PASS  site/index.html
FAIL  site/about.html
      [tag-nesting] 14:3 — </div> does not match open <p>
      [duplicate-id] 22:10 — duplicate id 'header'
PASS  site/contact.html

2 passed, 1 failed

With -q (quiet), PASS lines are suppressed. With -s (summary), the count line is appended. Both flags may be combined.

Rules Checked:

Rule	What is checked
doctype	Document begins with <!DOCTYPE html>
root-element	Exactly one <html> element at the top level
head-required	<head> is present and contains a <title>
body-required	<body> element is present
tag-nesting	Every open tag has a matching close tag in the correct order
void-elements	Void elements (br, img, input, hr, meta, link, etc.) have no close tag
attr-quotes	All attribute values are quoted
duplicate-id	No two elements share the same id attribute value

Design:

tokenizer - Tokenizer

Scans the raw HTML source character by character and emits a flat stream of Token values. Recognized variants include TagOpen, TagClose, AttrName, AttrValue, AttrValueUnquoted, SelfClose, TagEnd, Text, Comment, Doctype, and Eof. Every token carries a (line, col) position for precise error reporting. Malformed input is never rejected at this stage — it becomes an opaque token for later stages to handle.

lexer - Lexer

Wraps Tokenizer and groups the flat token stream into structured Lexeme values: OpenTag, SelfClosingTag, CloseTag, TextNode, CommentNode, and DoctypeDecl. Each tag lexeme carries its collected Vec<Attr>, where Attr records the key, value, and a quoted flag used later by the attr-quotes rule. Tag names are normalized to lowercase, and whitespace-only text nodes are discarded.

validator - Validator

Drives the lexer and applies all eight rules in a single pass. It maintains an element stack for nesting checks, a HashSet for duplicate-ID detection, and boolean flags for the document-level requirements (doctype, html, head, title, body). All violations are collected into a Vec<ValidationError> before the Report is returned — the validator never aborts early.
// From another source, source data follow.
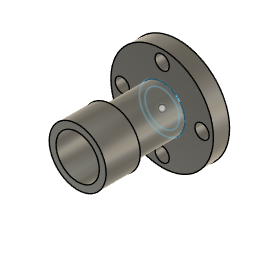
3D Plancha 1 (Autodesk Fusion 360 design; units mm, degrees)
Autodesk Fusion 360 part; units mm, degrees
sketch "Boceto1" plane through (0, 0, 0) normal (0, 1, 0) x (1, 0, 0)
  circle A0 centre (70, 0) radius 45
extrude "Extruir2" add sketch "Boceto1" along normal blind 14.2 makes body 1
sketch "Boceto2" plane through (0, 0, 0) normal (0, 1, 0) x (1, 0, 0)
  circle A0 centre (70, -35) radius 6.25
  circle A1 centre (35, 0) radius 6.25
  circle A2 centre (70, 35) radius 6.25
  circle A3 centre (105, 0) radius 6.25
extrude "Extruir3" cut sketch "Boceto2" along normal blind 15 bodies 1
sketch "Boceto3" plane through (0, 0, 0) normal (0, 1, 0) x (1, 0, 0)
  circle A0 centre (70, 0) radius 19
  circle A1 centre (70, 0) radius 24
  line L0 (70, -45) -> (70, -24)
  line L1 (70, -19) -> (70, 19)
  line L2 (70, 24) -> (70, 45)
  line L3 (25, 0) -> (46, 0)
  line L4 (51, 0) -> (89, 0)
  line L5 (94, 0) -> (115, 0)
  constraint horizontal L3
  constraint vertical L0
  constraint concentric A0 A1
  constraint coincident A1 L0.end
  constraint coincident A0 L1.start
  constraint collinear L0 L1
  constraint coincident A0.centre L0
  constraint coincident A0 L1.end
  constraint coincident A1 L2.start
  constraint collinear L1 L2
  constraint coincident A1 L3.end
  constraint coincident A0 L4.start
  constraint collinear L3 L4
  constraint coincident A0 L4.end
  constraint coincident A1 L5.start
  constraint collinear L4 L5
extrude "Extruir5" add sketch "Boceto3" against normal blind 44.2 bodies 1
sketch "Boceto7" plane through (0, 0, 0) normal (0, 1, 0) x (1, 0, 0)
  circle A0 centre (-25, 0) radius 25
  circle A1 centre (-25, 0) radius 19
  constraint concentric A0 A1
extrude "Extruir6" add sketch "Boceto7" against normal blind 30 separate body makes body 2
delete_face "SuprimirCaras2" 1 faces at (93.8807, -29.4667, 2.3896) on bodies 1
sketch "Boceto8" plane through (0, 0, 0) normal (0, 1, 0) x (1, 0, 0)
  circle A0 centre (70, 0) radius 15
  circle A1 centre (70, 0) radius 20
  constraint concentric A0 A1
extrude "Extruir7" add sketch "Boceto8" against normal blind 44.2 bodies 1
move_body "Alinear1" bodies 2 to x (1, 0, 0) y (0, 1, 0) z (0, 0, 1) at (95, -14.2, 0)
move_body "Desplazar1" bodies 2 to x (1, 0, 0) y (0, 1, 0) z (0, 0, 1) at (0, -30, 0)
combine "Combinar1" operation add target body 1 tool bodies 2

Validator::validate(src: &str, file: &Path) -> Report is the single public entry point. Report::is_valid() returns true when the error list is empty.

entry_point - CLI orchestration

Parses arguments with clap (derive API), collects .html / .htm files from the supplied paths, and skips build and VCS directories (target, bin, obj, .git, archive, etc.). For each file it calls Validator::validate, prints the per-file report, and tracks the overall pass/fail count. Exits with status 1 if any file fails.

Build:

cargo build
cargo build --release
cargo test

Testing:

Each crate has its own #[cfg(test)] suite:

Crate	Tests	Coverage
tokenizer	11	tags, attributes, doctypes, comments, position tracking
lexer	6	tag grouping, attribute collection, case normalization
validator	9	valid documents, missing elements, nesting errors, void elements, duplicate IDs, unquoted attributes

# Run all tests
cargo test

# Run with output visible
cargo test -- --show-output

External Dependencies:

Package	Version	Used by	Purpose
clap	4.x	entry_point	Derive-based CLI argument parsing

The tokenizer, lexer, and validator crates use the Rust standard library only.